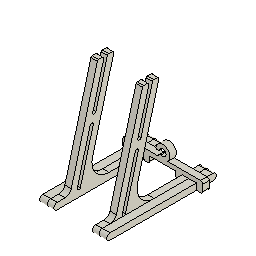
LCA Badge Stand v3.1 (Autodesk Fusion 360 design; units mm, degrees)
Autodesk Fusion 360 part; units mm, degrees
note: some values were not read from the file. Chosen so that the rebuilt part matches the saved one: which face or edge a step refers to. Set by a fixed rule: which sketch regions a step uses.
sketch "Sketch1" plane through (0, 0, 0) normal (1, 0, 0) x (0, 1, 0)
  circle A0 centre (-67.0553, 26.6271) radius 2.5
  line L0 (-67.0553, 29.1271) -> (12.9447, 29.1271)
  line L1 (12.9447, 29.1271) -> (12.9447, 24.1271)
  line L2 (12.9447, 24.1271) -> (-67.0553, 24.1271)
  line L3 (-67.0553, 24.1271) -> (-67.0553, 29.1271)
  circle A1 centre (12.9447, 26.6271) radius 2.5
  line L4 (-57.0553, 29.1271) -> (-57.0553, 44.2726) construction
  line L5 (-57.0553, 29.1271) -> (-35.818, 108.3859)
  line L6 (-34.8521, 109.1271) -> (-31.7462, 109.1271)
  line L7 (-30.7803, 107.8682) -> (-51.8789, 29.1271)
  line L8 (-49.2908, 29.1271) -> (-28.0534, 108.3859)
  line L9 (-23.0157, 107.8682) -> (-44.1144, 29.1271)
  line L10 (-27.0875, 109.1271) -> (-23.9817, 109.1271)
  arc A2 (-34.8521, 109.1271) -> (-35.818, 108.3859) centre (-34.8521, 108.1271) ccw
  arc A3 (-30.7803, 107.8682) -> (-31.7462, 109.1271) centre (-31.7462, 108.1271) ccw
  arc A4 (-27.0875, 109.1271) -> (-28.0534, 108.3859) centre (-27.0875, 108.1271) ccw
  arc A5 (-23.0157, 107.8682) -> (-23.9817, 109.1271) centre (-23.9817, 108.1271) ccw
  line L11 (-37.233, 74.1271) -> (-39.8212, 74.1271)
  line L12 (-41.161, 69.1271) -> (-38.5728, 69.1271)
  circle A6 centre (-40.2305, 67.855) radius 1.272
  circle A7 centre (-38.1922, 75.3771) radius 1.25
  line L13 (-38.1922, 75.3771) -> (-39.4422, 75.3771)
  line L14 (-38.1922, 75.3771) -> (-36.9422, 75.3771)
  line L15 (-40.2305, 67.855) -> (-41.5025, 67.8524)
  line L16 (-40.2305, 67.855) -> (-38.9585, 67.8577)
  circle A8 centre (-50.2499, 30.3771) radius 1.25
  dimension "d6" = 5
  dimension "d7" = 80
  dimension "d8" = 5
  dimension "d9" = 10
  dimension "d10" = 2.5
  dimension "d11" = 5
  dimension "d12" = 5
  dimension "d13" = 75
  dimension "d16" = 1
  dimension "d17" = 1
  dimension "d18" = 1
  dimension "d19" = 1
  dimension "d20" = 80
  dimension "d35" = 5
  dimension "d36" = 35
  constraint horizontal L0
  constraint vertical L1
  constraint horizontal L2
  constraint vertical L3
  constraint coincident A0.centre L3
  constraint tangent A0 L0
  constraint tangent A0 L2
  constraint midpoint L1 A1.centre
  constraint coincident L0 L4.start
  constraint perpendicular L0 L4
  constraint perpendicular L4 L6
  constraint parallel L5 L7
  constraint coincident L0 L7.end
  constraint parallel L8 L9
  constraint coincident L0 L8.start
  constraint coincident L0 L9.end
  constraint collinear L6 L10
  constraint tangent L5 A2
  constraint tangent L6 A2
  constraint tangent L6 A3
  constraint tangent L7 A3
  constraint tangent L8 A4
  constraint tangent L10 A4
  constraint tangent L9 A5
  constraint tangent L10 A5
  constraint coincident L8 L11.start
  constraint coincident L7 L11.end
  constraint horizontal L11
  constraint coincident L7 L12.start
  constraint coincident L8 L12.end
  constraint parallel L11 L12
  constraint tangent L12 A6
  constraint tangent L8 A6
  constraint tangent L11 A7
  constraint tangent L7 A7
  constraint tangent L8 A7
  constraint coincident A7.centre L13.start
  constraint coincident A7 L13.end
  constraint horizontal L13
  constraint coincident A7 L14.end
  constraint parallel L13 L14
  constraint coincident A6.centre L15.start
  constraint coincident A6 L15.end
  constraint coincident L7 L15.end
  constraint coincident A6 L16.end
  constraint parallel L15 L16
  constraint tangent L0 A8
  constraint tangent L7 A8
  constraint tangent L8 A8
  measures "d6" diameter of A0
  measures "d7" distance of L0.start L1
  measures "d8" diameter of A1
  measures "d9" distance of L0.start L4
  measures "d10" distance of L7 L8
  measures "d11" distance of L5 L7
  measures "d12" distance of L8 L9
  measures "d13" angle of L0 L7
  measures "d16" radius of A2
  measures "d17" radius of A3
  measures "d18" radius of A4
  measures "d19" radius of A5
  measures "d20" distance of L0 L6
  measures "d35" distance of L11 L12
  measures "d36" distance of L6 L11
extrude "Extrude1" add sketch "Sketch1" along normal blind 5 contours A0 L3 | A0 L0 L2 A1 | A0 L3 | L0 L5 L6 L7 A2 A3 A6 | L1 A1 | L1 A1 | L0 L7 A8 | L0 L8 A8 | L0 L8 L9 L10 A4 A5 | L7 A6 | L8 L12 A6 | L7 L12 A6 | L7 L8 L11 L12 | L7 L11 A7 | L8 L11 A7 makes body 1
fillet "FrontFillet" radius 5 1 edges at (2.5, -57.0553, 29.1271) on bodies 1
fillet "RearArmFillet" radius 13.3333 1 edges at (2.5, -44.1144, 29.1271) on bodies 1
extrude "AddBaseThickener" add sketch "Sketch1" against normal blind 6 separate body contours A0 L3 | A0 L0 L2 A1 | A0 L3 | L1 A1 | L1 A1 makes body 2
copy_body "CutPasteBodies2" bodies 1 2 removing the originals makes body 3 makes body 4 in component "LeftArm (original)"
ref_plane "WorkPlane1" through (20, -27.0553, 66.6271) normal (1, 0, 0) x (0, 1, 0)
mirror "MirrorComponent1" about plane through (0, 0, 0) normal (0, 0, 1) of bodies 3 4 makes body 5 at (5, -26.9496, -25.7937) makes body 6 at (-2, -13.722, -24.1271) in component "RightArm"
sketch "Sketch2" plane through (0, 0, 29.1271) normal (0, 0, 1) x (-1, 0, 0) in component "USBCableHolder"
  line L0 (-35, 26.738) -> (-40, 26.738)
  line L1 (-40, 26.738) -> (-40, -12.9447)
  line L2 (-40, -12.9447) -> (-35, -12.9447)
  line L3 (-35, -12.9447) -> (-35, 26.738)
  line L4 (-40, -12.9447) -> (-40, 67.0553)
  line L5 (-40, 67.0553) -> (-46, 67.0553)
  line L6 (-46, 67.0553) -> (-46, -12.9447)
  line L7 (-46, -12.9447) -> (-40, -12.9447)
  line L8 (0, 67.0553) -> (0, -12.9447)
  line L9 (0, -12.9447) -> (6, -12.9447)
  line L10 (6, -12.9447) -> (6, 67.0553)
  line L11 (6, 67.0553) -> (0, 67.0553)
  line L12 (0, 26.738) -> (-5, 26.738)
  line L13 (-5, 26.738) -> (-5, -12.9447)
  line L14 (-5, -12.9447) -> (0, -12.9447)
  line L15 (0, -12.9447) -> (0, 26.738)
  line L16 (-20, 78.0553) -> (-20, -23.9447)
  line L17 (-35, -12.9447) -> (-5, -12.9447) construction
  line L18 (-35, 2.0553) -> (-5, 2.0553) construction
  dimension "d49" = 15
  constraint coincident L2.end L3.start
  constraint coincident L13.end L14.start
  constraint coincident L3 L18.start
  constraint coincident L13 L18.end
  constraint perpendicular L13 L18
  measures "d49" distance of L17 L18
sketch "Sketch3" plane through (0, 0, 0) normal (0, 1, 0) x (1, 0, 0) in component "USBCableHolder"
  line L0 (46, -29.1271) -> (51, -29.1271)
  line L1 (51, -29.1271) -> (51, -30.7937)
  line L2 (49.3333, -32.4604) -> (46, -32.4604)
  line L3 (46, -32.4604) -> (46, -29.1271)
  line L4 (35, -29.1271) -> (5, -29.1271)
  line L5 (20, -29.1271) -> (20, -29.773)
  line L6 (20, -29.773) -> (20, -49.5969) construction
  line L7 (46, -32.4604) -> (20, -32.4604)
  line L8 (35, -29.1271) -> (20, -29.1271)
  line L9 (46, -29.1271) -> (35, -29.1271)
  arc A0 (49.3333, -32.4604) -> (51, -30.7937) centre (49.3333, -30.7937) ccw
  line L10 (51, -29.1271) -> (46, -29.1271)
  line L11 (46, -29.1271) -> (46, -25.7937)
  line L12 (47.6667, -24.1271) -> (49.3333, -24.1271)
  line L13 (51, -25.7937) -> (51, -29.1271)
  arc A1 (51, -25.7937) -> (49.3333, -24.1271) centre (49.3333, -25.7937) ccw
  arc A2 (47.6667, -24.1271) -> (46, -25.7937) centre (47.6667, -25.7937) ccw
  line L14 (46, -32.4604) -> (20, -32.4604)
  line L15 (20, -32.4604) -> (20, -29.1271)
  line L16 (20, -29.1271) -> (46, -29.1271)
  line L17 (46, -29.1271) -> (46, -32.4604)
  circle A3 centre (20, -36.4604) radius 2.5
  circle A4 centre (20, -36.4604) radius 5.5
  line L18 (35, -29.1271) -> (30, -29.1271)
  line L19 (30, -29.1271) -> (30, -25.7937)
  line L20 (31.6667, -24.1271) -> (33.3333, -24.1271)
  line L21 (35, -25.7937) -> (35, -29.1271)
  line L22 (40, -24.1271) -> (35, -24.1271)
  arc A5 (31.6667, -24.1271) -> (30, -25.7937) centre (31.6667, -25.7937) ccw
  arc A6 (35, -25.7937) -> (33.3333, -24.1271) centre (33.3333, -25.7937) ccw
  line L23 (-6, -32.4604) -> (20, -32.4604)
  line L24 (20, -29.1271) -> (-6, -29.1271)
  line L25 (5, -25.7937) -> (5, -29.1271)
  arc A7 (6.6667, -24.1271) -> (5, -25.7937) centre (6.6667, -25.7937) ccw
  arc A8 (10, -25.7937) -> (8.3333, -24.1271) centre (8.3333, -25.7937) ccw
  line L26 (10, -29.1271) -> (10, -25.7937)
  line L27 (8.3333, -24.1271) -> (6.6667, -24.1271)
  line L28 (-7.6667, -24.1271) -> (-9.3333, -24.1271)
  arc A9 (-6, -25.7937) -> (-7.6667, -24.1271) centre (-7.6667, -25.7937) ccw
  line L29 (-6, -29.1271) -> (-6, -25.7937)
  line L30 (-11, -25.7937) -> (-11, -29.1271)
  arc A10 (-11, -30.7937) -> (-9.3333, -32.4604) centre (-9.3333, -30.7937) ccw
  line L31 (-11, -29.1271) -> (-11, -30.7937)
  line L32 (-9.3333, -32.4604) -> (-6, -32.4604)
  arc A11 (-9.3333, -24.1271) -> (-11, -25.7937) centre (-9.3333, -25.7937) ccw
  line L33 (20, -36.4604) -> (14.5, -36.4604)
  line L34 (20, -36.4604) -> (16.1109, -32.5713)
  line L35 (20, -36.4604) -> (14.5688, -37.3276)
  line L36 (14.5688, -37.3276) -> (16.1109, -32.5713) construction
  line L37 (14.5688, -37.3276) -> (11.5688, -37.8065)
  line L38 (11.5688, -37.8065) -> (16, -32.4604)
  line L39 (16.1109, -32.5713) -> (16, -32.4604)
  line L40 (16, -32.4604) -> (13.0707, -32.4604) construction
  line L41 (11.5688, -37.8065) -> (11.6837, -32.4604) construction
  point P0 (46, -29.1271)
  point P1 (20, -29.1271)
  point P2 (46, -24.1271)
  dimension "d50" = 5
  dimension "d51" = 3.3333
  dimension "d52" = 1.6667
  dimension "d53" = 1.6667
  dimension "d54" = 1.6667
  dimension "d57" = 5
  dimension "d58" = 3
  dimension "d59" = 4
  dimension "d60" = 5
  dimension "d61" = 5
  dimension "d62" = 1.6667
  dimension "d63" = 1.6667
  dimension "d64" = 45
  dimension "d66" = 5
  dimension "d67" = 3
  constraint horizontal L0
  constraint vertical L1
  constraint horizontal L2
  constraint vertical L3
  constraint coincident P0 L0.start
  constraint coincident P1 L5.start
  constraint perpendicular L4 L5
  constraint perpendicular L4 L6
  constraint coincident L6 L7.end
  constraint perpendicular L6 L7
  constraint coincident L4.start L8.start
  constraint tangent L1 A0
  constraint tangent L2 A0
  constraint horizontal L10
  constraint vertical L11
  constraint horizontal L12
  constraint vertical L13
  constraint tangent L12 A1
  constraint tangent L13 A1
  constraint tangent L11 A2
  constraint tangent L12 A2
  constraint horizontal L14
  constraint vertical L15
  constraint horizontal L16
  constraint vertical L17
  constraint coincident L6 A3.centre
  constraint collinear L3 L11
  constraint horizontal L18
  constraint vertical L19
  constraint horizontal L20
  constraint vertical L21
  constraint collinear L20 L22
  constraint tangent L19 A5
  constraint tangent L20 A5
  constraint tangent L20 A6
  constraint tangent L21 A6
  constraint symmetric L0.end L6 L30.end
  constraint symmetric L2.end L6 L23.start
  constraint symmetric P1 L6 L5.start
  constraint symmetric L6 L7.end L14.end
  constraint symmetric L6 L1.end A10.start
  constraint symmetric L6 L2.start A10.end
  constraint symmetric L6 A0 A10
  constraint symmetric L6 P0 L24.end
  constraint symmetric L6 L12.end L28.end
  constraint symmetric L6 L13.start L30.start
  constraint symmetric L6 A1 A11
  constraint symmetric L6 L11.end A9.start
  constraint symmetric L6 L12.start L28.start
  constraint symmetric L6 A2 A9
  constraint symmetric L6 L4.start L4.end
  constraint symmetric L6 L18.end L26.start
  constraint symmetric L6 L19.end A8.start
  constraint symmetric L6 L20.start A8.end
  constraint symmetric L6 A5 A8
  constraint symmetric L6 L20.end A7.start
  constraint symmetric L6 L21.start L25.start
  constraint symmetric L6 A6 A7
  constraint coincident A3.centre A4.centre
  constraint coincident A4 L33.end
  constraint perpendicular L6 L33
  constraint coincident A4 L34.end
  constraint coincident A4 L35.end
  constraint parallel L35 L37
  constraint parallel L34 L39
  constraint coincident L23 L38.end
  constraint coincident L23 L40.end
  constraint coincident L23 L41.end
  measures "d50" distance of P0 L0.end
  measures "d51" distance of P0 L2.end
  measures "d52" radius of A0
  measures "d53" radius of A1
  measures "d54" radius of A2
  measures "d57" diameter of A3
  measures "d59" distance of L7 A3.centre
  measures "d60" distance of L0 L12
  measures "d61" distance of L19 L21
  measures "d62" radius of A5
  measures "d63" radius of A6
  measures "d64" angle of L33 L34
  measures "d66" distance of L34.end L35.end
  measures "d67" horizontal distance of L35.end L37.end
extrude "Extrude2" add sketch "Sketch3" along normal blind 5 separate body contours L0 L10 L11 L12 L13 A1 A2 | L0 L1 L2 L3 A0 L10 L17 | L3 L4 L5 L7 L8 L9 L14 L15 L16 L17 A4 L18 | L4 L8 L16 L18 L19 L20 L21 A5 A6 | L7 L14 A3 A4 L23 L34 L35 | L7 L14 L15 A4 | L15 A4 L23 | L4 L5 L15 A4 L23 L24 L28 A9 L29 L30 A10 L31 L32 A11 | A4 L23 L39 | A3 A4 L33 L35 | L4 L24 L25 A7 A8 L26 L27 makes body 7 in component "USBCableHolder"
fillet "Fillet2" radius 0.75 1 edges at (18.2322, 2.5, 34.6926) on bodies 7 in component "USBCableHolder"
fillet "Fillet4" radius 0.75 2 edges at (14.5, 2.5, 36.4604) (17.5, 2.5, 36.4604) on bodies 7 in component "USBCableHolder"
fillet "Fillet5" radius 0.75 1 edges at (16, 2.5, 32.4604) on bodies 7 in component "USBCableHolder"
component "LeftArm (original)" placed x (1, 0, 0) y (0, 1, 0) z (0, 0, 1) at (0, 0, 0)
component "RightArm" placed x (-1, 0, 0) y (0, 1, 0) z (0, 0, -1) at (40, 0, 0)
component "USBCableHolder" placed x (1, 0, 0) y (0, 1, 0) z (0, 0, 1) at (0, 0, 0)
equation "boardthickness = 2.5 mm"
equation "fillet = 1 mm"
equation "basethickness = 5 mm"
equation "baselength = 80 mm" comment "how long the base is"
equation "base_setback = 10 mm" comment "how far back from the front radius the arms are"
equation "d6 = basethickness"
equation "d7 = baselength"
equation "d8 = d6"
equation "d9 = base_setback"
equation "d10 = boardthickness"
equation "d11 = basethickness"
equation "d12 = d11"
equation "d13 = board_angle"
equation "board_angle = 75 deg"
equation "d16 = fillet"
equation "d17 = fillet"
equation "d20 = holderheight"
equation "holderheight = 80 mm" comment "how tall the arms are"
equation "d25 = basethickness"
equation "d27 = holderheight / 6"
equation "d28 = -thickener"
equation "thickener = 6 mm" comment "the extra width added to the feet"
equation "d35 = basethickness"
equation "d36 = topBadgeSpace"
equation "topBadgeSpace = 35 mm" comment "The depth of the slot in the top to hold the badge"
equation "legspacing = 30 mm" comment "the space between the legs"
equation "d40 = legspacing / 2"
equation "d49 = basethickness * 3"
equation "d50 = basethickness"
equation "d51 = basethickness * ( 2 / 3 )"
equation "d52 = basethickness / 3"
equation "d53 = basethickness / 3"
equation "d54 = basethickness / 3"
equation "USB_Cable_Thickness = 5 mm"
equation "USB_Cable_Holder_Offset = 3 mm"
equation "d57 = USB_Cable_Thickness"
equation "d58 = USB_Cable_Holder_Offset"
equation "d59 = ( USB_Cable_Thickness / 2 ) + ( USB_Cable_Holder_Offset / 2 )"
equation "d60 = basethickness"
equation "d61 = basethickness"
equation "d62 = basethickness / 3"
equation "d63 = basethickness / 3"
equation "d66 = USB_Cable_Thickness"
equation "d67 = USB_Cable_Holder_Offset"
equation "d68 = basethickness"
equation "d73 = USB_Cable_Holder_Offset / 4"
equation "d77 = USB_Cable_Holder_Offset / 4"
equation "d79 = USB_Cable_Holder_Offset / 4"
named bodies: "MainBit", "Thicker_Base"

──────────

TASK STATEMENT -
Produce a word-for-word copy of everything above from the line holding "constraint tangent L7 A8" down to the line holding "distance of L11 L12", with both of those lines kept.

OUTPUT OF THE TASK -
  constraint tangent L7 A8
  constraint tangent L8 A8
  measures "d6" diameter of A0
  measures "d7" distance of L0.start L1
  measures "d8" diameter of A1
  measures "d9" distance of L0.start L4
  measures "d10" distance of L7 L8
  measures "d11" distance of L5 L7
  measures "d12" distance of L8 L9
  measures "d13" angle of L0 L7
  measures "d16" radius of A2
  measures "d17" radius of A3
  measures "d18" radius of A4
  measures "d19" radius of A5
  measures "d20" distance of L0 L6
  measures "d35" distance of L11 L12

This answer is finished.